_What to do:_
Locate the line that contains "#250=ORIENTED_EDGE('',*,*,#234,.T.);" in the entries below, then repeat it and every following line through the line that contains "#257=ORIENTED_EDGE('',*,*,#256,.F.);", exactly, and no others.

··· Records for the task ···

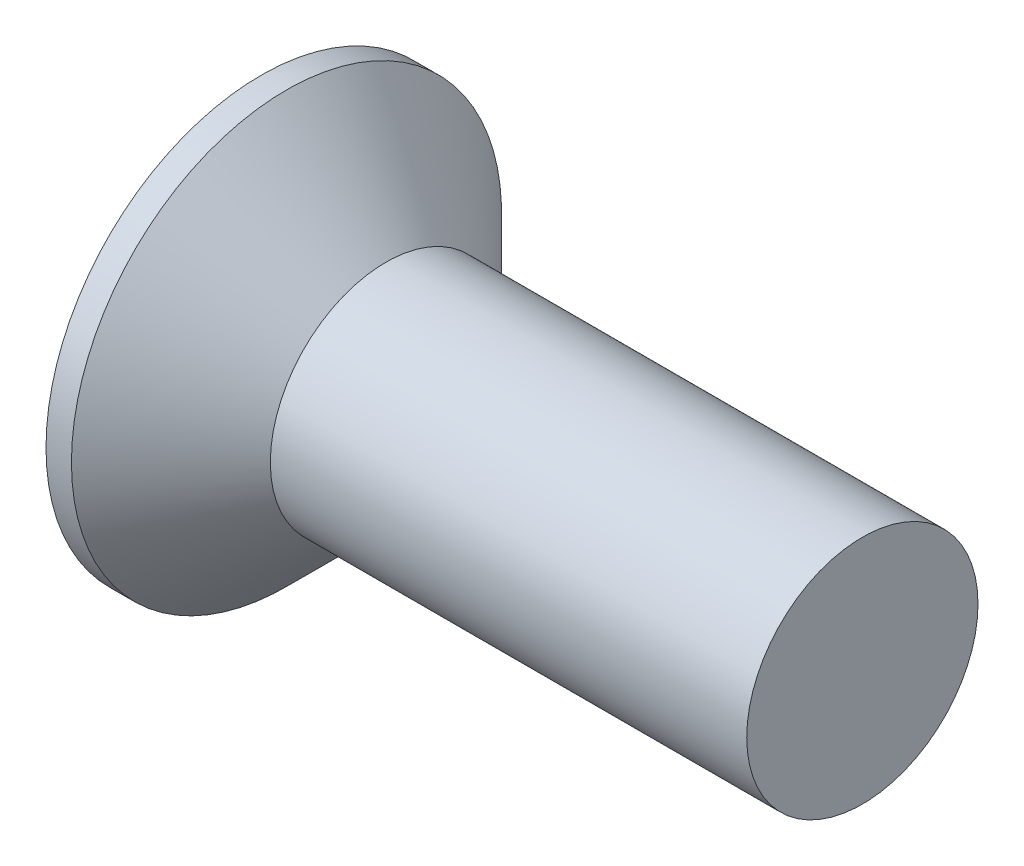
ISO-10303-21;
HEADER;
FILE_DESCRIPTION(('STEP AP214'),'2;1');
FILE_NAME('part.step','',(''),(''),'','','');
FILE_SCHEMA(('AUTOMOTIVE_DESIGN { 1 0 10303 214 1 1 1 1 }'));
ENDSEC;
DATA;
#1=APPLICATION_CONTEXT('core data for automotive mechanical design processes');
#2=APPLICATION_PROTOCOL_DEFINITION('international standard','automotive_design',2000,#1);
#3=PRODUCT_CONTEXT('',#1,'mechanical');
#4=PRODUCT('Part','Part','',(#3));
#5=PRODUCT_RELATED_PRODUCT_CATEGORY('part','',(#4));
#6=PRODUCT_DEFINITION_FORMATION('','',#4);
#7=PRODUCT_DEFINITION_CONTEXT('part definition',#1,'design');
#8=PRODUCT_DEFINITION('design','',#6,#7);
#9=PRODUCT_DEFINITION_SHAPE('','',#8);
#10=(LENGTH_UNIT() NAMED_UNIT(*) SI_UNIT(.MILLI.,.METRE.));
#11=(NAMED_UNIT(*) PLANE_ANGLE_UNIT() SI_UNIT($,.RADIAN.));
#12=(NAMED_UNIT(*) SI_UNIT($,.STERADIAN.) SOLID_ANGLE_UNIT());
#13=UNCERTAINTY_MEASURE_WITH_UNIT(LENGTH_MEASURE(1.E-05),#10,'distance_accuracy_value','');
#14=(GEOMETRIC_REPRESENTATION_CONTEXT(3) GLOBAL_UNCERTAINTY_ASSIGNED_CONTEXT((#13)) GLOBAL_UNIT_ASSIGNED_CONTEXT((#10,
#11,#12)) REPRESENTATION_CONTEXT('',''));
#15=CARTESIAN_POINT('',(0.,0.,0.));
#16=DIRECTION('',(0.,0.,1.));
#17=DIRECTION('',(1.,0.,0.));
#18=AXIS2_PLACEMENT_3D('',#15,#16,#17);
#19=CARTESIAN_POINT('',(3.35,0.26,-0.26));
#20=DIRECTION('',(1.,0.,0.));
#21=DIRECTION('',(0.,0.,-1.));
#22=AXIS2_PLACEMENT_3D('',#19,#20,#21);
#23=PLANE('',#22);
#24=DIRECTION('',(0.,0.,1.));
#25=VECTOR('',#24,1.);
#26=CARTESIAN_POINT('',(3.35,-0.260000000000001,-0.52));
#27=LINE('',#26,#25);
#28=CARTESIAN_POINT('',(3.35,-0.260000000000001,0.259999999999999));
#29=VERTEX_POINT('',#28);
#30=CARTESIAN_POINT('',(3.35,-0.260000000000001,-0.260000000000001));
#31=VERTEX_POINT('',#30);
#32=EDGE_CURVE('E83',#29,#31,#27,.F.);
#33=ORIENTED_EDGE('',*,*,#32,.F.);
#34=DIRECTION('',(0.,1.,0.));
#35=VECTOR('',#34,1.);
#36=CARTESIAN_POINT('',(3.35,-0.520000000000009,0.259999999999998));
#37=LINE('',#36,#35);
#38=CARTESIAN_POINT('',(3.35,0.26,0.26));
#39=VERTEX_POINT('',#38);
#40=EDGE_CURVE('E122',#39,#29,#37,.F.);
#41=ORIENTED_EDGE('',*,*,#40,.F.);
#42=DIRECTION('',(0.,0.,1.));
#43=VECTOR('',#42,1.);
#44=CARTESIAN_POINT('',(3.35,0.259999999999999,0.52));
#45=LINE('',#44,#43);
#46=CARTESIAN_POINT('',(3.35,0.26,-0.260000000000001));
#47=VERTEX_POINT('',#46);
#48=EDGE_CURVE('E79',#47,#39,#45,.T.);
#49=ORIENTED_EDGE('',*,*,#48,.F.);
#50=DIRECTION('',(0.,1.,0.));
#51=VECTOR('',#50,1.);
#52=CARTESIAN_POINT('',(3.35,0.520000000000009,-0.26));
#53=LINE('',#52,#51);
#54=EDGE_CURVE('E81',#31,#47,#53,.T.);
#55=ORIENTED_EDGE('',*,*,#54,.F.);
#56=EDGE_LOOP('',(#33,#41,#49,#55));
#57=FACE_BOUND('',#56,.T.);
#58=ADVANCED_FACE('F17',(#57),#23,.F.);
#59=CARTESIAN_POINT('',(0.,0.520000000000009,-2.53));
#60=DIRECTION('',(-0.560957422052894,0.,0.827844653690396));
#61=DIRECTION('',(0.827844653690396,0.,0.560957422052894));
#62=AXIS2_PLACEMENT_3D('',#59,#60,#61);
#63=PLANE('',#62);
#64=DIRECTION('',(-0.826141195234385,-0.0641184211226667,-0.559803138263299));
#65=VECTOR('',#64,1.);
#66=CARTESIAN_POINT('',(3.35,-0.259999999999999,-0.260000000000001));
#67=LINE('',#66,#65);
#68=CARTESIAN_POINT('',(0.,-0.519999999999993,-2.53));
#69=VERTEX_POINT('',#68);
#70=EDGE_CURVE('E100',#31,#69,#67,.T.);
#71=ORIENTED_EDGE('',*,*,#70,.F.);
#72=ORIENTED_EDGE('',*,*,#54,.T.);
#73=DIRECTION('',(0.826141195234385,-0.0641184211226705,0.559803138263299));
#74=VECTOR('',#73,1.);
#75=CARTESIAN_POINT('',(0.,0.520000000000009,-2.53));
#76=LINE('',#75,#74);
#77=CARTESIAN_POINT('',(0.,0.520000000000009,-2.53));
#78=VERTEX_POINT('',#77);
#79=EDGE_CURVE('E115',#78,#47,#76,.T.);
#80=ORIENTED_EDGE('',*,*,#79,.F.);
#81=DIRECTION('',(0.,1.,0.));
#82=VECTOR('',#81,1.);
#83=CARTESIAN_POINT('',(0.,0.520000000000009,-2.53));
#84=LINE('',#83,#82);
#85=EDGE_CURVE('E90',#78,#69,#84,.F.);
#86=ORIENTED_EDGE('',*,*,#85,.T.);
#87=EDGE_LOOP('',(#71,#72,#80,#86));
#88=FACE_BOUND('',#87,.T.);
#89=ADVANCED_FACE('F101',(#88),#63,.T.);
#90=CARTESIAN_POINT('',(0.,2.53,0.52));
#91=DIRECTION('',(-0.560957422052895,-0.827844653690395,0.));
#92=DIRECTION('',(0.827844653690395,-0.560957422052895,0.));
#93=AXIS2_PLACEMENT_3D('',#90,#91,#92);
#94=PLANE('',#93);
#95=DIRECTION('',(-0.826141195234385,0.5598031382633,-0.0641184211226686));
#96=VECTOR('',#95,1.);
#97=CARTESIAN_POINT('',(3.35,0.26,-0.26));
#98=LINE('',#97,#96);
#99=CARTESIAN_POINT('',(0.,2.53,-0.52));
#100=VERTEX_POINT('',#99);
#101=EDGE_CURVE('E156',#47,#100,#98,.T.);
#102=ORIENTED_EDGE('',*,*,#101,.F.);
#103=ORIENTED_EDGE('',*,*,#48,.T.);
#104=DIRECTION('',(0.826141195234385,-0.559803138263299,-0.0641184211226685));
#105=VECTOR('',#104,1.);
#106=CARTESIAN_POINT('',(0.,2.53,0.52));
#107=LINE('',#106,#105);
#108=CARTESIAN_POINT('',(0.,2.53,0.52));
#109=VERTEX_POINT('',#108);
#110=EDGE_CURVE('E153',#109,#39,#107,.T.);
#111=ORIENTED_EDGE('',*,*,#110,.F.);
#112=DIRECTION('',(0.,0.,1.));
#113=VECTOR('',#112,1.);
#114=CARTESIAN_POINT('',(0.,2.53,0.52));
#115=LINE('',#114,#113);
#116=EDGE_CURVE('E89',#109,#100,#115,.F.);
#117=ORIENTED_EDGE('',*,*,#116,.T.);
#118=EDGE_LOOP('',(#102,#103,#111,#117));
#119=FACE_BOUND('',#118,.T.);
#120=ADVANCED_FACE('F171',(#119),#94,.T.);
#121=CARTESIAN_POINT('',(0.,-0.520000000000009,2.53));
#122=DIRECTION('',(-0.560957422052895,0.,-0.827844653690395));
#123=DIRECTION('',(-0.827844653690395,0.,0.560957422052895));
#124=AXIS2_PLACEMENT_3D('',#121,#122,#123);
#125=PLANE('',#124);
#126=DIRECTION('',(-0.826141195234385,0.0641184211226666,0.5598031382633));
#127=VECTOR('',#126,1.);
#128=CARTESIAN_POINT('',(3.35,0.259999999999999,0.26));
#129=LINE('',#128,#127);
#130=CARTESIAN_POINT('',(0.,0.519999999999992,2.53));
#131=VERTEX_POINT('',#130);
#132=EDGE_CURVE('E150',#39,#131,#129,.T.);
#133=ORIENTED_EDGE('',*,*,#132,.F.);
#134=ORIENTED_EDGE('',*,*,#40,.T.);
#135=DIRECTION('',(0.826141195234385,0.0641184211226705,-0.559803138263299));
#136=VECTOR('',#135,1.);
#137=CARTESIAN_POINT('',(0.,-0.520000000000009,2.53));
#138=LINE('',#137,#136);
#139=CARTESIAN_POINT('',(0.,-0.520000000000009,2.53));
#140=VERTEX_POINT('',#139);
#141=EDGE_CURVE('E144',#140,#29,#138,.T.);
#142=ORIENTED_EDGE('',*,*,#141,.F.);
#143=DIRECTION('',(0.,1.,0.));
#144=VECTOR('',#143,1.);
#145=CARTESIAN_POINT('',(0.,-0.520000000000009,2.53));
#146=LINE('',#145,#144);
#147=EDGE_CURVE('E124',#140,#131,#146,.T.);
#148=ORIENTED_EDGE('',*,*,#147,.T.);
#149=EDGE_LOOP('',(#133,#134,#142,#148));
#150=FACE_BOUND('',#149,.T.);
#151=ADVANCED_FACE('F199',(#150),#125,.T.);
#152=CARTESIAN_POINT('',(0.,-2.53,-0.52));
#153=DIRECTION('',(-0.560957422052894,0.827844653690396,0.));
#154=DIRECTION('',(-0.827844653690396,-0.560957422052894,0.));
#155=AXIS2_PLACEMENT_3D('',#152,#153,#154);
#156=PLANE('',#155);
#157=DIRECTION('',(-0.826141195234385,-0.559803138263299,0.0641184211226687));
#158=VECTOR('',#157,1.);
#159=CARTESIAN_POINT('',(3.35,-0.260000000000001,0.26));
#160=LINE('',#159,#158);
#161=CARTESIAN_POINT('',(0.,-2.53,0.52));
#162=VERTEX_POINT('',#161);
#163=EDGE_CURVE('E96',#29,#162,#160,.T.);
#164=ORIENTED_EDGE('',*,*,#163,.F.);
#165=ORIENTED_EDGE('',*,*,#32,.T.);
#166=DIRECTION('',(0.826141195234385,0.559803138263299,0.0641184211226686));
#167=VECTOR('',#166,1.);
#168=CARTESIAN_POINT('',(0.,-2.53,-0.52));
#169=LINE('',#168,#167);
#170=CARTESIAN_POINT('',(0.,-2.53,-0.52));
#171=VERTEX_POINT('',#170);
#172=EDGE_CURVE('E94',#171,#31,#169,.T.);
#173=ORIENTED_EDGE('',*,*,#172,.F.);
#174=DIRECTION('',(0.,0.,1.));
#175=VECTOR('',#174,1.);
#176=CARTESIAN_POINT('',(0.,-2.53,-0.52));
#177=LINE('',#176,#175);
#178=EDGE_CURVE('E35',#171,#162,#177,.T.);
#179=ORIENTED_EDGE('',*,*,#178,.T.);
#180=EDGE_LOOP('',(#164,#165,#173,#179));
#181=FACE_BOUND('',#180,.T.);
#182=ADVANCED_FACE('F92',(#181),#156,.T.);
#183=CARTESIAN_POINT('',(3.73370044052863,0.,-0.230220264317181));
#184=DIRECTION('',(-0.077379238892827,0.,0.997001731888349));
#185=DIRECTION('',(0.997001731888349,0.,0.077379238892827));
#186=AXIS2_PLACEMENT_3D('',#183,#184,#185);
#187=PLANE('',#186);
#188=DIRECTION('',(0.994030271895774,0.0771486181172837,0.0771486181172836));
#189=VECTOR('',#188,1.);
#190=CARTESIAN_POINT('',(0.,-0.519999999999998,-0.52));
#191=LINE('',#190,#189);
#192=CARTESIAN_POINT('',(0.,-0.519999999999998,-0.52));
#193=VERTEX_POINT('',#192);
#194=EDGE_CURVE('E106',#193,#31,#191,.T.);
#195=ORIENTED_EDGE('',*,*,#194,.F.);
#196=DIRECTION('',(0.,1.,0.));
#197=VECTOR('',#196,1.);
#198=CARTESIAN_POINT('',(0.,0.,-0.52));
#199=LINE('',#198,#197);
#200=EDGE_CURVE('E111',#171,#193,#199,.T.);
#201=ORIENTED_EDGE('',*,*,#200,.F.);
#202=ORIENTED_EDGE('',*,*,#172,.T.);
#203=EDGE_LOOP('',(#195,#201,#202));
#204=FACE_BOUND('',#203,.T.);
#205=ADVANCED_FACE('F109',(#204),#187,.T.);
#206=CARTESIAN_POINT('',(3.73370044052864,-0.230220264317181,0.));
#207=DIRECTION('',(-0.077379238892827,0.997001731888349,0.));
#208=DIRECTION('',(-0.997001731888349,-0.077379238892827,0.));
#209=AXIS2_PLACEMENT_3D('',#206,#207,#208);
#210=PLANE('',#209);
#211=DIRECTION('',(0.,0.,1.));
#212=VECTOR('',#211,1.);
#213=CARTESIAN_POINT('',(0.,-0.519999999999998,0.));
#214=LINE('',#213,#212);
#215=EDGE_CURVE('E114',#193,#69,#214,.F.);
#216=ORIENTED_EDGE('',*,*,#215,.F.);
#217=ORIENTED_EDGE('',*,*,#194,.T.);
#218=ORIENTED_EDGE('',*,*,#70,.T.);
#219=EDGE_LOOP('',(#216,#217,#218));
#220=FACE_BOUND('',#219,.T.);
#221=ADVANCED_FACE('F113',(#220),#210,.T.);
#222=CARTESIAN_POINT('',(3.73370044052863,0.230220264317181,0.));
#223=DIRECTION('',(-0.077379238892827,-0.997001731888349,0.));
#224=DIRECTION('',(0.997001731888349,-0.077379238892827,0.));
#225=AXIS2_PLACEMENT_3D('',#222,#223,#224);
#226=PLANE('',#225);
#227=ORIENTED_EDGE('',*,*,#79,.T.);
#228=DIRECTION('',(0.994030271895774,-0.0771486181172845,0.0771486181172839));
#229=VECTOR('',#228,1.);
#230=CARTESIAN_POINT('',(0.,0.520000000000001,-0.52));
#231=LINE('',#230,#229);
#232=CARTESIAN_POINT('',(0.,0.520000000000003,-0.52));
#233=VERTEX_POINT('',#232);
#234=EDGE_CURVE('E117',#233,#47,#231,.T.);
#235=ORIENTED_EDGE('',*,*,#234,.F.);
#236=DIRECTION('',(0.,0.,1.));
#237=VECTOR('',#236,1.);
#238=CARTESIAN_POINT('',(0.,0.520000000000009,0.));
#239=LINE('',#238,#237);
#240=EDGE_CURVE('E169',#78,#233,#239,.T.);
#241=ORIENTED_EDGE('',*,*,#240,.F.);
#242=EDGE_LOOP('',(#227,#235,#241));
#243=FACE_BOUND('',#242,.T.);
#244=ADVANCED_FACE('F168',(#243),#226,.T.);
#245=CARTESIAN_POINT('',(3.73370044052863,0.,-0.230220264317181));
#246=DIRECTION('',(-0.077379238892827,0.,0.997001731888349));
#247=DIRECTION('',(0.997001731888349,0.,0.077379238892827));
#248=AXIS2_PLACEMENT_3D('',#245,#246,#247);
#249=PLANE('',#248);
#250=ORIENTED_EDGE('',*,*,#234,.T.);
#251=ORIENTED_EDGE('',*,*,#101,.T.);
#252=DIRECTION('',(0.,1.,0.));
#253=VECTOR('',#252,1.);
#254=CARTESIAN_POINT('',(0.,0.,-0.52));
#255=LINE('',#254,#253);
#256=EDGE_CURVE('E164',#233,#100,#255,.T.);
#257=ORIENTED_EDGE('',*,*,#256,.F.);
#258=EDGE_LOOP('',(#250,#251,#257));
#259=FACE_BOUND('',#258,.T.);
#260=ADVANCED_FACE('F161',(#259),#249,.T.);
#261=CARTESIAN_POINT('',(3.73370044052864,0.,0.230220264317181));
#262=DIRECTION('',(-0.077379238892827,0.,-0.997001731888349));
#263=DIRECTION('',(-0.997001731888349,0.,0.077379238892827));
#264=AXIS2_PLACEMENT_3D('',#261,#262,#263);
#265=PLANE('',#264);
#266=DIRECTION('',(0.994030271895774,-0.0771486181172836,-0.0771486181172839));
#267=VECTOR('',#266,1.);
#268=CARTESIAN_POINT('',(0.,0.519999999999998,0.52));
#269=LINE('',#268,#267);
#270=CARTESIAN_POINT('',(0.,0.519999999999998,0.52));
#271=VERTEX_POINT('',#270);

···

_Your response:_
#250=ORIENTED_EDGE('',*,*,#234,.T.);
#251=ORIENTED_EDGE('',*,*,#101,.T.);
#252=DIRECTION('',(0.,1.,0.));
#253=VECTOR('',#252,1.);
#254=CARTESIAN_POINT('',(0.,0.,-0.52));
#255=LINE('',#254,#253);
#256=EDGE_CURVE('E164',#233,#100,#255,.T.);
#257=ORIENTED_EDGE('',*,*,#256,.F.);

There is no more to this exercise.